Establish how many lines in the records below include the word "Changed"; respond with that number only.

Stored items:
◆ ◆ ◆ ◆

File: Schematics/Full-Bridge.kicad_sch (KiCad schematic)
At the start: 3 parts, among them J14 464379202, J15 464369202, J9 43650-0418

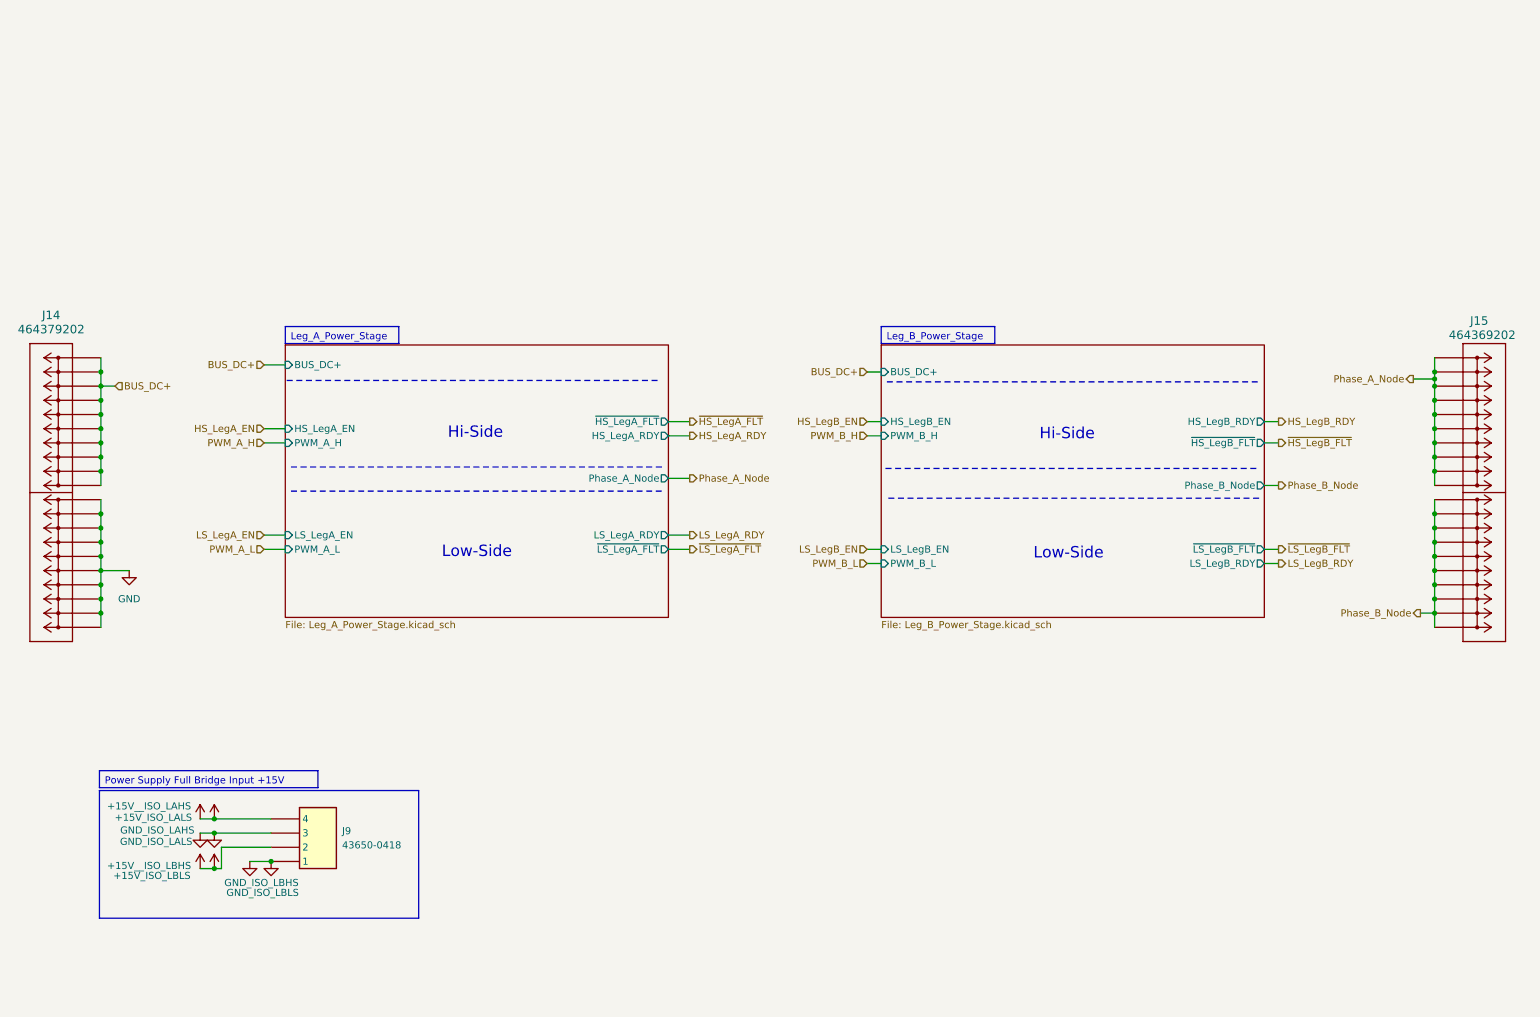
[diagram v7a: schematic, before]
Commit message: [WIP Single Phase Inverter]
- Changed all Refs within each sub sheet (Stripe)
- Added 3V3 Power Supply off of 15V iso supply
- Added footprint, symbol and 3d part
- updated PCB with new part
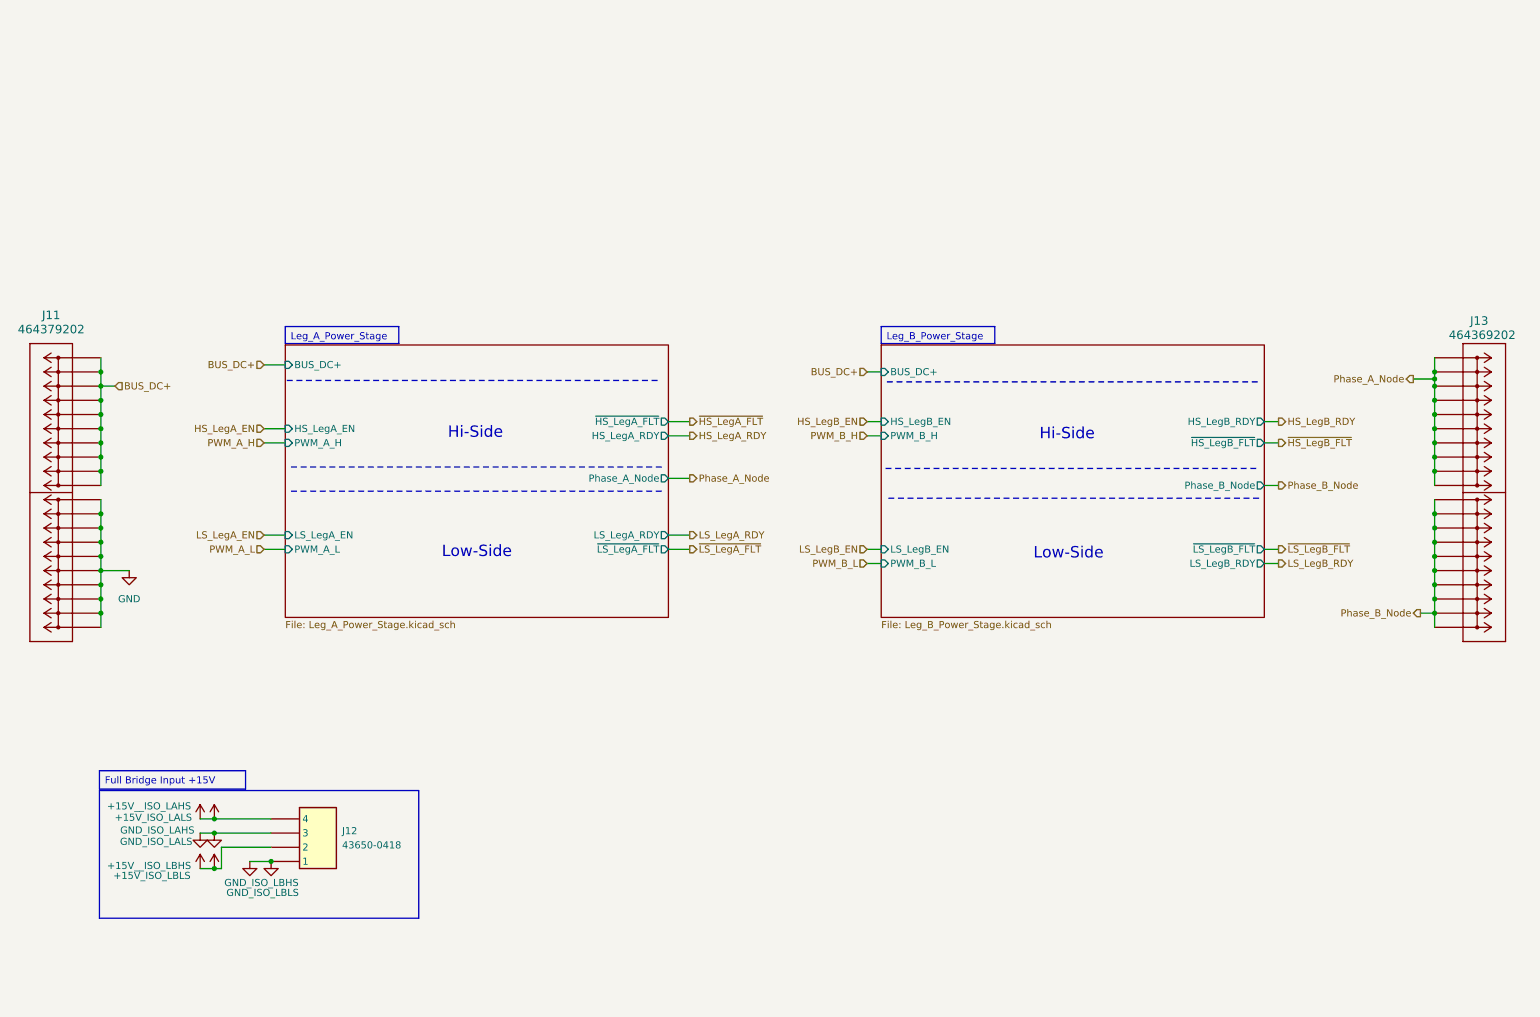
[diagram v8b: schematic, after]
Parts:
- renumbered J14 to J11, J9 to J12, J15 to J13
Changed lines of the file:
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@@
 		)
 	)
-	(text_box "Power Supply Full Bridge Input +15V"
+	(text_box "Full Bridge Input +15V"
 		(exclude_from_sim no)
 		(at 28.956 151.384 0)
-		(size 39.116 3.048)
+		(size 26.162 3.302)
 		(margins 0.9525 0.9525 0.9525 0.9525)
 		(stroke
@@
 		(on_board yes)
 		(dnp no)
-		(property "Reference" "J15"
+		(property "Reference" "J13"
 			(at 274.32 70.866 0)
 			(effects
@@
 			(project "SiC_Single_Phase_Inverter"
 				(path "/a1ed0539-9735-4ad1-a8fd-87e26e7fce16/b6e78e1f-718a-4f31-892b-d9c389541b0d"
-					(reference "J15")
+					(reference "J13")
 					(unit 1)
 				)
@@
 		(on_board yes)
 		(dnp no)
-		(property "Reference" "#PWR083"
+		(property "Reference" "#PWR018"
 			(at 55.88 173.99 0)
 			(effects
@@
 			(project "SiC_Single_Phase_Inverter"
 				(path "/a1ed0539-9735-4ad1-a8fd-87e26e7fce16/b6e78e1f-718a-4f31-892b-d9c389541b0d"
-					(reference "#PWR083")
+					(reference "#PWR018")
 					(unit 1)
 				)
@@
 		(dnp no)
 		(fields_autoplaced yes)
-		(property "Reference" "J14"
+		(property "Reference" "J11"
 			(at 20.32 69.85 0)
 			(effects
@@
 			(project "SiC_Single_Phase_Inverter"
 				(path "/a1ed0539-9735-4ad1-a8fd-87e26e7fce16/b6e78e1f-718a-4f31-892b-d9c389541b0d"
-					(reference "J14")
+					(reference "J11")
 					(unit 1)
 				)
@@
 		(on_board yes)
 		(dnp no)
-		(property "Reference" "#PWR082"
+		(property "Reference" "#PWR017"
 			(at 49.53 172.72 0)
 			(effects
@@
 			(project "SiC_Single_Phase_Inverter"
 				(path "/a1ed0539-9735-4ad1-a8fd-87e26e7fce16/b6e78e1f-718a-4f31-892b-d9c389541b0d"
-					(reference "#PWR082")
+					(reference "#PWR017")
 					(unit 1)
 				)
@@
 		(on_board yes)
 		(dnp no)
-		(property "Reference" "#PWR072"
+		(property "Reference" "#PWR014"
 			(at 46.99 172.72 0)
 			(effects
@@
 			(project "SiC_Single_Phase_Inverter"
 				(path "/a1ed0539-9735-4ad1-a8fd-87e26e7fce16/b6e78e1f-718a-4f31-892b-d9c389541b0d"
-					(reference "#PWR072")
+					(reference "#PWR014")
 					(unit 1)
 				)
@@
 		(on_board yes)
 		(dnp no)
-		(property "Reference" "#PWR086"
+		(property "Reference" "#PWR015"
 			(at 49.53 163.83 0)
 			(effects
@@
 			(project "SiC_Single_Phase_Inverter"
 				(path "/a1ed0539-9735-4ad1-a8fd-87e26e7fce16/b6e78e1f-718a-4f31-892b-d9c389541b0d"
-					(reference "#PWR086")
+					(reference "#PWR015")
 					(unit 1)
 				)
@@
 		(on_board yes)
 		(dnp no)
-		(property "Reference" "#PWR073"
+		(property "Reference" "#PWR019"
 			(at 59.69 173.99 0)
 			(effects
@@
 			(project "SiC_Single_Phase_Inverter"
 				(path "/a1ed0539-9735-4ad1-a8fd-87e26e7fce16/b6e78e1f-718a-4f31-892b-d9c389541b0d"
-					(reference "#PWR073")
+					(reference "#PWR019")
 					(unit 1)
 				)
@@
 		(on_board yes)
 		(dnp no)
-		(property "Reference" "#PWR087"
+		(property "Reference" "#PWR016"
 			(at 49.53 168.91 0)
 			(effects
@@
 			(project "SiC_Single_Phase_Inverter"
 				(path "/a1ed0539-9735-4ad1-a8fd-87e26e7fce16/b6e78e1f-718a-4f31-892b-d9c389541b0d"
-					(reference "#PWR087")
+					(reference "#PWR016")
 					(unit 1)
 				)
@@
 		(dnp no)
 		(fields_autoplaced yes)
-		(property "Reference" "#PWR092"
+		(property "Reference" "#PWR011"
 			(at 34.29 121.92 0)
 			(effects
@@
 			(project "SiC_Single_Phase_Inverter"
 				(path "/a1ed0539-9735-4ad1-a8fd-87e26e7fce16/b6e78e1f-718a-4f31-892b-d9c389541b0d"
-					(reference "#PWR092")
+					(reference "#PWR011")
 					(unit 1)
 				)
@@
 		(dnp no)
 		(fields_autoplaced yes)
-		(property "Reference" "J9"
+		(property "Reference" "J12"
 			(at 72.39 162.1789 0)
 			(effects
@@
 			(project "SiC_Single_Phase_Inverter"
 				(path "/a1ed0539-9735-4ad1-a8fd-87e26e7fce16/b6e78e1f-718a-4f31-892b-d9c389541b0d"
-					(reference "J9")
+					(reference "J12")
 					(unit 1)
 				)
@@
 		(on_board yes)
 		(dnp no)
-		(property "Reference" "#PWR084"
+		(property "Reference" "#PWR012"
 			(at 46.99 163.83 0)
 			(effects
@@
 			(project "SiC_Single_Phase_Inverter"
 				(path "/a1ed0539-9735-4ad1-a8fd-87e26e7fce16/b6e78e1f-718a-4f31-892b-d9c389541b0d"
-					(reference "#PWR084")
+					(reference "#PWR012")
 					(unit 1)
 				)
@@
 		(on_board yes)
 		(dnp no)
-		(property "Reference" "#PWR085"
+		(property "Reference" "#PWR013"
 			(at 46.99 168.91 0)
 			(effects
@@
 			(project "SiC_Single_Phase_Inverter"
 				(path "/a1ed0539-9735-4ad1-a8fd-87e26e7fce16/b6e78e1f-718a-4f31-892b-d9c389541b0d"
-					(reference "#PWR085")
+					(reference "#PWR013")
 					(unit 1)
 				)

◆ ◆ ◆ ◆

**Answer area**
2